WORK TASK:
Output only the lines below that start at the line containing "Gain/1 -> Robotic Arm and Servos/1(a0)" and end at the line containing "Demux/4 -> Robotic Arm and Servos/4(w1)", with both ends kept.

Entries taken from a collection:
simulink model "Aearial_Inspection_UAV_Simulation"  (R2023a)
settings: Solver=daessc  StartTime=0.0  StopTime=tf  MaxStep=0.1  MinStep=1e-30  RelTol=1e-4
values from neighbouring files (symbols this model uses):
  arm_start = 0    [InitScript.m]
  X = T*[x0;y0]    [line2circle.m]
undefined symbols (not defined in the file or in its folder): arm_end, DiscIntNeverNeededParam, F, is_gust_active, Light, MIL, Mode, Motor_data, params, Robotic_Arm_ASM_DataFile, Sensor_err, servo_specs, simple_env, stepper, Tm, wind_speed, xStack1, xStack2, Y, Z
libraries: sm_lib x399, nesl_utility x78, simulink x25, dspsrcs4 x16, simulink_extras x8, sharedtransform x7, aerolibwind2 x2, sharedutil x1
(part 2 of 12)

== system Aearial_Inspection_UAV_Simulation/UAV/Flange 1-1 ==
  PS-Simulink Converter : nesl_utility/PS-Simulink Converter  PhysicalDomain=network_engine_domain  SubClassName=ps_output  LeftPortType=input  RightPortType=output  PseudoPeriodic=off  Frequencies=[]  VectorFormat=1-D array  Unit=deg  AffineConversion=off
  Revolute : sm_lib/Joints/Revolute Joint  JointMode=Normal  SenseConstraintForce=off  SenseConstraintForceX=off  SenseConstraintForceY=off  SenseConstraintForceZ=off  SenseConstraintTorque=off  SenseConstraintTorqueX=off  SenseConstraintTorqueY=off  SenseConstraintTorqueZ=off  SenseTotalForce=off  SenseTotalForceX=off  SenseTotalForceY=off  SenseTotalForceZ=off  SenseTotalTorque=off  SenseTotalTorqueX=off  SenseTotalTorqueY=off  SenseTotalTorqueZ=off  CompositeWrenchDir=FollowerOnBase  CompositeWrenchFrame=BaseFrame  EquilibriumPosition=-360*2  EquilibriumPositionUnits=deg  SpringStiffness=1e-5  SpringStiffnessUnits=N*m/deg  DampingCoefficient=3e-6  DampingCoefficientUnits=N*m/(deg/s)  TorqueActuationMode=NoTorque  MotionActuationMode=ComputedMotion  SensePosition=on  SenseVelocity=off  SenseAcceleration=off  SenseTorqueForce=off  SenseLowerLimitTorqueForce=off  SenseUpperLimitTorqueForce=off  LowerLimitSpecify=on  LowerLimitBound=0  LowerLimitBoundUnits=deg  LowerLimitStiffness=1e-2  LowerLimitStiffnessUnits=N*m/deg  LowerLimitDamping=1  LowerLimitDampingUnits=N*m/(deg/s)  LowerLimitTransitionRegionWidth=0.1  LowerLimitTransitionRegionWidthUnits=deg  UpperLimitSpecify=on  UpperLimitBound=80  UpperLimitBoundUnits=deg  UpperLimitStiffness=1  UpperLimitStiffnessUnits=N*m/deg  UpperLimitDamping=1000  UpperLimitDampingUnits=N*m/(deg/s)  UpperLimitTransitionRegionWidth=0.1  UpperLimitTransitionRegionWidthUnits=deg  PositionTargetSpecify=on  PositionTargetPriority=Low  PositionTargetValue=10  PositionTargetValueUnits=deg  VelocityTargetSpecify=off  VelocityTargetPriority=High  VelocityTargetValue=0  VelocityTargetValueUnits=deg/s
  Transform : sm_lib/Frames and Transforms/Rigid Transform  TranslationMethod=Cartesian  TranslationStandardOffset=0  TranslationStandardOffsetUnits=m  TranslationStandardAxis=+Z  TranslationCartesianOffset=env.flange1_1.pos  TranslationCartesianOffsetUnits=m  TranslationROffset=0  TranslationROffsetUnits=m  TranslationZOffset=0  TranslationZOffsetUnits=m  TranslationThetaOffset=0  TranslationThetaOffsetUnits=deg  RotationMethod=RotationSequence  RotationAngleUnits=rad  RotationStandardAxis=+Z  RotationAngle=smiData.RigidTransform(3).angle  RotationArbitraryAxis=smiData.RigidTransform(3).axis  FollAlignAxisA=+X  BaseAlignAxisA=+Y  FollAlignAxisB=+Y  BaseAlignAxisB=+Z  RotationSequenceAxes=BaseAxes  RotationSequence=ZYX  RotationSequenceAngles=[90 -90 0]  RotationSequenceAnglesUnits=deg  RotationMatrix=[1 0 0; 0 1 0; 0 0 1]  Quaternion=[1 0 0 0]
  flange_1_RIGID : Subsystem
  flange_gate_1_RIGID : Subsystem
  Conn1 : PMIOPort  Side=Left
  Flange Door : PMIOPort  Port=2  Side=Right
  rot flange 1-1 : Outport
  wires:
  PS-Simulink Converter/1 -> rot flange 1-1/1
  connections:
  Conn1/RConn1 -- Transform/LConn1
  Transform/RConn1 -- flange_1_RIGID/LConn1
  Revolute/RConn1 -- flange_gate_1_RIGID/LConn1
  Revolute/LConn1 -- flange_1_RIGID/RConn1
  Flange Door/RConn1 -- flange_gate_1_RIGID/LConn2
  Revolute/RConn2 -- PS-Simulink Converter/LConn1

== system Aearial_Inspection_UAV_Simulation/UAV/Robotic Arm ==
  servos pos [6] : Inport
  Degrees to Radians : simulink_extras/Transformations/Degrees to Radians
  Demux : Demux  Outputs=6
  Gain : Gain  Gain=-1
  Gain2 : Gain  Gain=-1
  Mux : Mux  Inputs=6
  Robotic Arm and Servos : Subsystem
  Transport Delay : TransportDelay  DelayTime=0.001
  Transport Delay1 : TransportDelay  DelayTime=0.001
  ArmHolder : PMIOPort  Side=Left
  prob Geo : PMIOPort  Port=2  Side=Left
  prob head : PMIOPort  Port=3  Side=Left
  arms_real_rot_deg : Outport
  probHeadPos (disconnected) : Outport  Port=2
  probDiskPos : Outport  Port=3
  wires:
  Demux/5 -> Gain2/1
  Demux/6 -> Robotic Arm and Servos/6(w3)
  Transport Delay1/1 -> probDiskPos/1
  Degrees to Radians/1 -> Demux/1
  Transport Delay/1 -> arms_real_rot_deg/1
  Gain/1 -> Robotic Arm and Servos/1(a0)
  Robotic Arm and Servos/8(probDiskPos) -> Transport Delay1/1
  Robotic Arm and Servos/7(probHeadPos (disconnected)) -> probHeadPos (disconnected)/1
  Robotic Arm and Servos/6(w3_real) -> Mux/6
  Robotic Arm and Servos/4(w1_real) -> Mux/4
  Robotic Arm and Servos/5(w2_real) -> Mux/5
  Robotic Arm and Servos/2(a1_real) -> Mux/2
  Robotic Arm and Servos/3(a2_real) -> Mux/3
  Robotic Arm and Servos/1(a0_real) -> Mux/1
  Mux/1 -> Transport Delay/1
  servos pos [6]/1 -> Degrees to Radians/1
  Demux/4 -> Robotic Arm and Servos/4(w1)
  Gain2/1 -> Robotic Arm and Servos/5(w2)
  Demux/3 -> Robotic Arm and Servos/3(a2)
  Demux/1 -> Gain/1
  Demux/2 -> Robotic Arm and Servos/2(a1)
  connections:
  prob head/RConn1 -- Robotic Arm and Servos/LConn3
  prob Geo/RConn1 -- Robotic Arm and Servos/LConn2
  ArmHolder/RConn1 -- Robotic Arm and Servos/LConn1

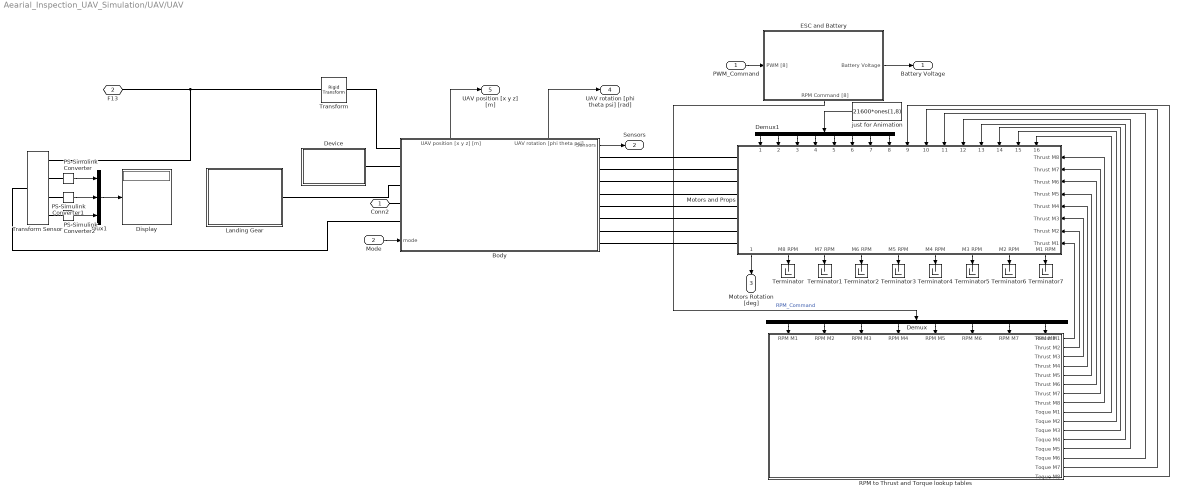
== system Aearial_Inspection_UAV_Simulation/UAV/UAV ==
  PWM_Command : Inport
  Mode : Inport  Port=2
  Body : Subsystem
      settings: PortSchema="{\"entries\":[{\"content\":{\"sides\":[{\"content\":{\"connectorIds\":[\"LConn1\",\"LConn2\",\"LConn3\",\"LConn4\",\"LConn5\",\"In1\"]},\"type\":\"ConnectorPlacement.EquallySpacedRectSide\",\"uuid\":\"8abbfab2-f266-443b-993d-92a00d5129d3\"},{\"content\":{\"connectorIds\":[\"Out1\",\"RConn1\",\"RConn2\",\"RConn3\",\"RConn4\",\"RConn5\",\"RConn6\",\"RConn7\",\"RConn8\"],\"side\":\"RIGHT\"},\"type\":\"ConnectorPlacement.EquallySpacedRectSide\",\"uuid\":\"d3862e7a-1f62-4fff-84ef-3f151d54fb23\"},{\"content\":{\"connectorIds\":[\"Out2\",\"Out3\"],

WRITTEN SOLUTION:
  Gain/1 -> Robotic Arm and Servos/1(a0)
  Robotic Arm and Servos/8(probDiskPos) -> Transport Delay1/1
  Robotic Arm and Servos/7(probHeadPos (disconnected)) -> probHeadPos (disconnected)/1
  Robotic Arm and Servos/6(w3_real) -> Mux/6
  Robotic Arm and Servos/4(w1_real) -> Mux/4
  Robotic Arm and Servos/5(w2_real) -> Mux/5
  Robotic Arm and Servos/2(a1_real) -> Mux/2
  Robotic Arm and Servos/3(a2_real) -> Mux/3
  Robotic Arm and Servos/1(a0_real) -> Mux/1
  Mux/1 -> Transport Delay/1
  servos pos [6]/1 -> Degrees to Radians/1
  Demux/4 -> Robotic Arm and Servos/4(w1)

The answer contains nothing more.